= RECORDS FOR PROCESSING =

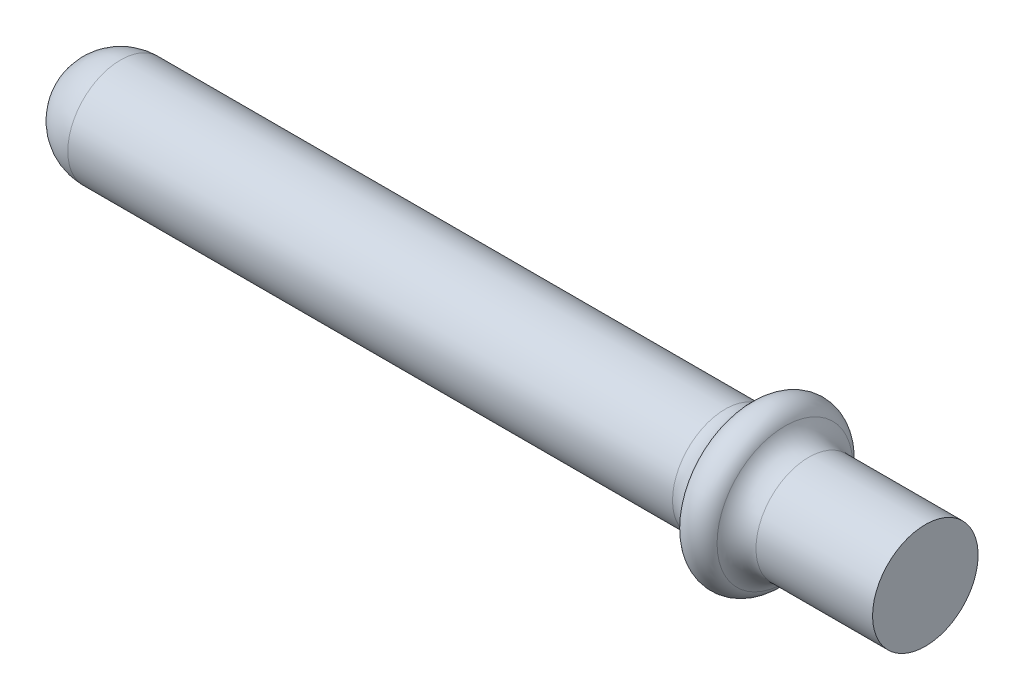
ISO-10303-21;
HEADER;
FILE_DESCRIPTION(('STEP AP214'),'2;1');
FILE_NAME('part.step','',(''),(''),'','','');
FILE_SCHEMA(('AUTOMOTIVE_DESIGN { 1 0 10303 214 1 1 1 1 }'));
ENDSEC;
DATA;
#1=APPLICATION_CONTEXT('core data for automotive mechanical design processes');
#2=APPLICATION_PROTOCOL_DEFINITION('international standard','automotive_design',2000,#1);
#3=PRODUCT_CONTEXT('',#1,'mechanical');
#4=PRODUCT('Part','Part','',(#3));
#5=PRODUCT_RELATED_PRODUCT_CATEGORY('part','',(#4));
#6=PRODUCT_DEFINITION_FORMATION('','',#4);
#7=PRODUCT_DEFINITION_CONTEXT('part definition',#1,'design');
#8=PRODUCT_DEFINITION('design','',#6,#7);
#9=PRODUCT_DEFINITION_SHAPE('','',#8);
#10=(LENGTH_UNIT() NAMED_UNIT(*) SI_UNIT(.MILLI.,.METRE.));
#11=(NAMED_UNIT(*) PLANE_ANGLE_UNIT() SI_UNIT($,.RADIAN.));
#12=(NAMED_UNIT(*) SI_UNIT($,.STERADIAN.) SOLID_ANGLE_UNIT());
#13=UNCERTAINTY_MEASURE_WITH_UNIT(LENGTH_MEASURE(1.E-05),#10,'distance_accuracy_value','');
#14=(GEOMETRIC_REPRESENTATION_CONTEXT(3) GLOBAL_UNCERTAINTY_ASSIGNED_CONTEXT((#13)) GLOBAL_UNIT_ASSIGNED_CONTEXT((#10,
#11,#12)) REPRESENTATION_CONTEXT('',''));
#15=CARTESIAN_POINT('',(0.,0.,0.));
#16=DIRECTION('',(0.,0.,1.));
#17=DIRECTION('',(1.,0.,0.));
#18=AXIS2_PLACEMENT_3D('',#15,#16,#17);
#19=CARTESIAN_POINT('',(0.,0.,0.));
#20=DIRECTION('',(-1.,0.,0.));
#21=DIRECTION('',(0.,0.,1.));
#22=AXIS2_PLACEMENT_3D('',#19,#20,#21);
#23=PLANE('',#22);
#24=CARTESIAN_POINT('',(0.,0.,0.));
#25=DIRECTION('',(-1.,0.,0.));
#26=DIRECTION('',(0.,0.,1.));
#27=AXIS2_PLACEMENT_3D('',#24,#25,#26);
#28=CIRCLE('',#27,3.99999999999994);
#29=CARTESIAN_POINT('',(0.,0.,3.99999999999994));
#30=VERTEX_POINT('',#29);
#31=EDGE_CURVE('E10',#30,#30,#28,.T.);
#32=ORIENTED_EDGE('',*,*,#31,.F.);
#33=EDGE_LOOP('',(#32));
#34=FACE_BOUND('',#33,.T.);
#35=ADVANCED_FACE('F24',(#34),#23,.F.);
#36=CARTESIAN_POINT('',(-67.9237669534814,0.,0.));
#37=DIRECTION('',(-1.,0.,0.));
#38=DIRECTION('',(0.,0.,1.));
#39=AXIS2_PLACEMENT_3D('',#36,#37,#38);
#40=CYLINDRICAL_SURFACE('',#39,3.99999999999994);
#41=CARTESIAN_POINT('',(-8.83772233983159,0.,0.));
#42=DIRECTION('',(-1.,0.,0.));
#43=DIRECTION('',(0.,0.,1.));
#44=AXIS2_PLACEMENT_3D('',#41,#42,#43);
#45=CIRCLE('',#44,3.99999999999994);
#46=CARTESIAN_POINT('',(-8.83772233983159,0.,3.99999999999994));
#47=VERTEX_POINT('',#46);
#48=EDGE_CURVE('E30',#47,#47,#45,.T.);
#49=ORIENTED_EDGE('',*,*,#48,.F.);
#50=EDGE_LOOP('',(#49));
#51=FACE_BOUND('',#50,.T.);
#52=ORIENTED_EDGE('',*,*,#31,.T.);
#53=EDGE_LOOP('',(#52));
#54=FACE_BOUND('',#53,.T.);
#55=ADVANCED_FACE('F72',(#51,#54),#40,.T.);
#56=CARTESIAN_POINT('',(-8.83772233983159,0.,0.));
#57=DIRECTION('',(-1.,0.,0.));
#58=DIRECTION('',(0.,0.,1.));
#59=AXIS2_PLACEMENT_3D('',#56,#57,#58);
#60=TOROIDAL_SURFACE('',#59,5.99999999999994,2.);
#61=CARTESIAN_POINT('',(-10.6447381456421,0.,0.));
#62=DIRECTION('',(-1.,0.,0.));
#63=DIRECTION('',(0.,0.,1.));
#64=AXIS2_PLACEMENT_3D('',#61,#62,#63);
#65=CIRCLE('',#64,5.14285714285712);
#66=CARTESIAN_POINT('',(-10.6447381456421,0.,5.14285714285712));
#67=VERTEX_POINT('',#66);
#68=EDGE_CURVE('E34',#67,#67,#65,.T.);
#69=ORIENTED_EDGE('',*,*,#68,.F.);
#70=EDGE_LOOP('',(#69));
#71=FACE_BOUND('',#70,.T.);
#72=ORIENTED_EDGE('',*,*,#48,.T.);
#73=EDGE_LOOP('',(#72));
#74=FACE_BOUND('',#73,.T.);
#75=ADVANCED_FACE('F67',(#71,#74),#60,.F.);
#76=CARTESIAN_POINT('',(-12.,0.,0.));
#77=DIRECTION('',(-1.,0.,0.));
#78=DIRECTION('',(0.,0.,1.));
#79=AXIS2_PLACEMENT_3D('',#76,#77,#78);
#80=TOROIDAL_SURFACE('',#79,4.5,1.5);
#81=CARTESIAN_POINT('',(-13.3552618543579,0.,0.));
#82=DIRECTION('',(-1.,0.,0.));
#83=DIRECTION('',(0.,0.,1.));
#84=AXIS2_PLACEMENT_3D('',#81,#82,#83);
#85=CIRCLE('',#84,5.14285714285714);
#86=CARTESIAN_POINT('',(-13.3552618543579,0.,5.14285714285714));
#87=VERTEX_POINT('',#86);
#88=EDGE_CURVE('E38',#87,#87,#85,.T.);
#89=ORIENTED_EDGE('',*,*,#88,.F.);
#90=EDGE_LOOP('',(#89));
#91=FACE_BOUND('',#90,.T.);
#92=ORIENTED_EDGE('',*,*,#68,.T.);
#93=EDGE_LOOP('',(#92));
#94=FACE_BOUND('',#93,.T.);
#95=ADVANCED_FACE('F61',(#91,#94),#80,.T.);
#96=CARTESIAN_POINT('',(-15.1622776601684,0.,0.));
#97=DIRECTION('',(-1.,0.,0.));
#98=DIRECTION('',(0.,0.,1.));
#99=AXIS2_PLACEMENT_3D('',#96,#97,#98);
#100=TOROIDAL_SURFACE('',#99,5.99999999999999,2.);
#101=CARTESIAN_POINT('',(-15.1622776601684,0.,0.));
#102=DIRECTION('',(-1.,0.,0.));
#103=DIRECTION('',(0.,0.,1.));
#104=AXIS2_PLACEMENT_3D('',#101,#102,#103);
#105=CIRCLE('',#104,4.);
#106=CARTESIAN_POINT('',(-15.1622776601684,0.,4.));
#107=VERTEX_POINT('',#106);
#108=EDGE_CURVE('E43',#107,#107,#105,.T.);
#109=ORIENTED_EDGE('',*,*,#108,.F.);
#110=EDGE_LOOP('',(#109));
#111=FACE_BOUND('',#110,.T.);
#112=ORIENTED_EDGE('',*,*,#88,.T.);
#113=EDGE_LOOP('',(#112));
#114=FACE_BOUND('',#113,.T.);
#115=ADVANCED_FACE('F55',(#111,#114),#100,.F.);
#116=CARTESIAN_POINT('',(-67.9237669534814,0.,0.));
#117=DIRECTION('',(-1.,0.,0.));
#118=DIRECTION('',(0.,0.,1.));
#119=AXIS2_PLACEMENT_3D('',#116,#117,#118);
#120=CYLINDRICAL_SURFACE('',#119,4.);
#121=CARTESIAN_POINT('',(-61.,0.,0.));
#122=DIRECTION('',(-1.,0.,0.));
#123=DIRECTION('',(0.,0.,1.));
#124=AXIS2_PLACEMENT_3D('',#121,#122,#123);
#125=CIRCLE('',#124,4.);
#126=CARTESIAN_POINT('',(-61.,0.,4.));
#127=VERTEX_POINT('',#126);
#128=EDGE_CURVE('E46',#127,#127,#125,.T.);
#129=ORIENTED_EDGE('',*,*,#128,.F.);
#130=EDGE_LOOP('',(#129));
#131=FACE_BOUND('',#130,.T.);
#132=ORIENTED_EDGE('',*,*,#108,.T.);
#133=EDGE_LOOP('',(#132));
#134=FACE_BOUND('',#133,.T.);
#135=ADVANCED_FACE('F52',(#131,#134),#120,.T.);
#136=CARTESIAN_POINT('',(-61.,0.,0.));
#137=DIRECTION('',(-1.,0.,0.));
#138=DIRECTION('',(0.,1.,0.));
#139=AXIS2_PLACEMENT_3D('',#136,#137,#138);
#140=SPHERICAL_SURFACE('',#139,4.);
#141=ORIENTED_EDGE('',*,*,#128,.T.);
#142=EDGE_LOOP('',(#141));
#143=FACE_BOUND('',#142,.T.);
#144=ADVANCED_FACE('F50',(#143),#140,.T.);
#145=CLOSED_SHELL('',(#35,#55,#75,#95,#115,#135,#144));
#146=MANIFOLD_SOLID_BREP('B2',#145);
#147=ADVANCED_BREP_SHAPE_REPRESENTATION('',(#18,#146),#14);
#148=SHAPE_DEFINITION_REPRESENTATION(#9,#147);
ENDSEC;
END-ISO-10303-21;

= EXERCISE OBJECTIVE =
Within the data above, the lines from the one with "#87=VERTEX_POINT('',#86);" to the one with "#104=AXIS2_PLACEMENT_3D('',#101,#102,#103);" must be repeated exactly; no other line belongs in the answer.

= RESULT FOR THIS EXERCISE =
#87=VERTEX_POINT('',#86);
#88=EDGE_CURVE('E38',#87,#87,#85,.T.);
#89=ORIENTED_EDGE('',*,*,#88,.F.);
#90=EDGE_LOOP('',(#89));
#91=FACE_BOUND('',#90,.T.);
#92=ORIENTED_EDGE('',*,*,#68,.T.);
#93=EDGE_LOOP('',(#92));
#94=FACE_BOUND('',#93,.T.);
#95=ADVANCED_FACE('F61',(#91,#94),#80,.T.);
#96=CARTESIAN_POINT('',(-15.1622776601684,0.,0.));
#97=DIRECTION('',(-1.,0.,0.));
#98=DIRECTION('',(0.,0.,1.));
#99=AXIS2_PLACEMENT_3D('',#96,#97,#98);
#100=TOROIDAL_SURFACE('',#99,5.99999999999999,2.);
#101=CARTESIAN_POINT('',(-15.1622776601684,0.,0.));
#102=DIRECTION('',(-1.,0.,0.));
#103=DIRECTION('',(0.,0.,1.));
#104=AXIS2_PLACEMENT_3D('',#101,#102,#103);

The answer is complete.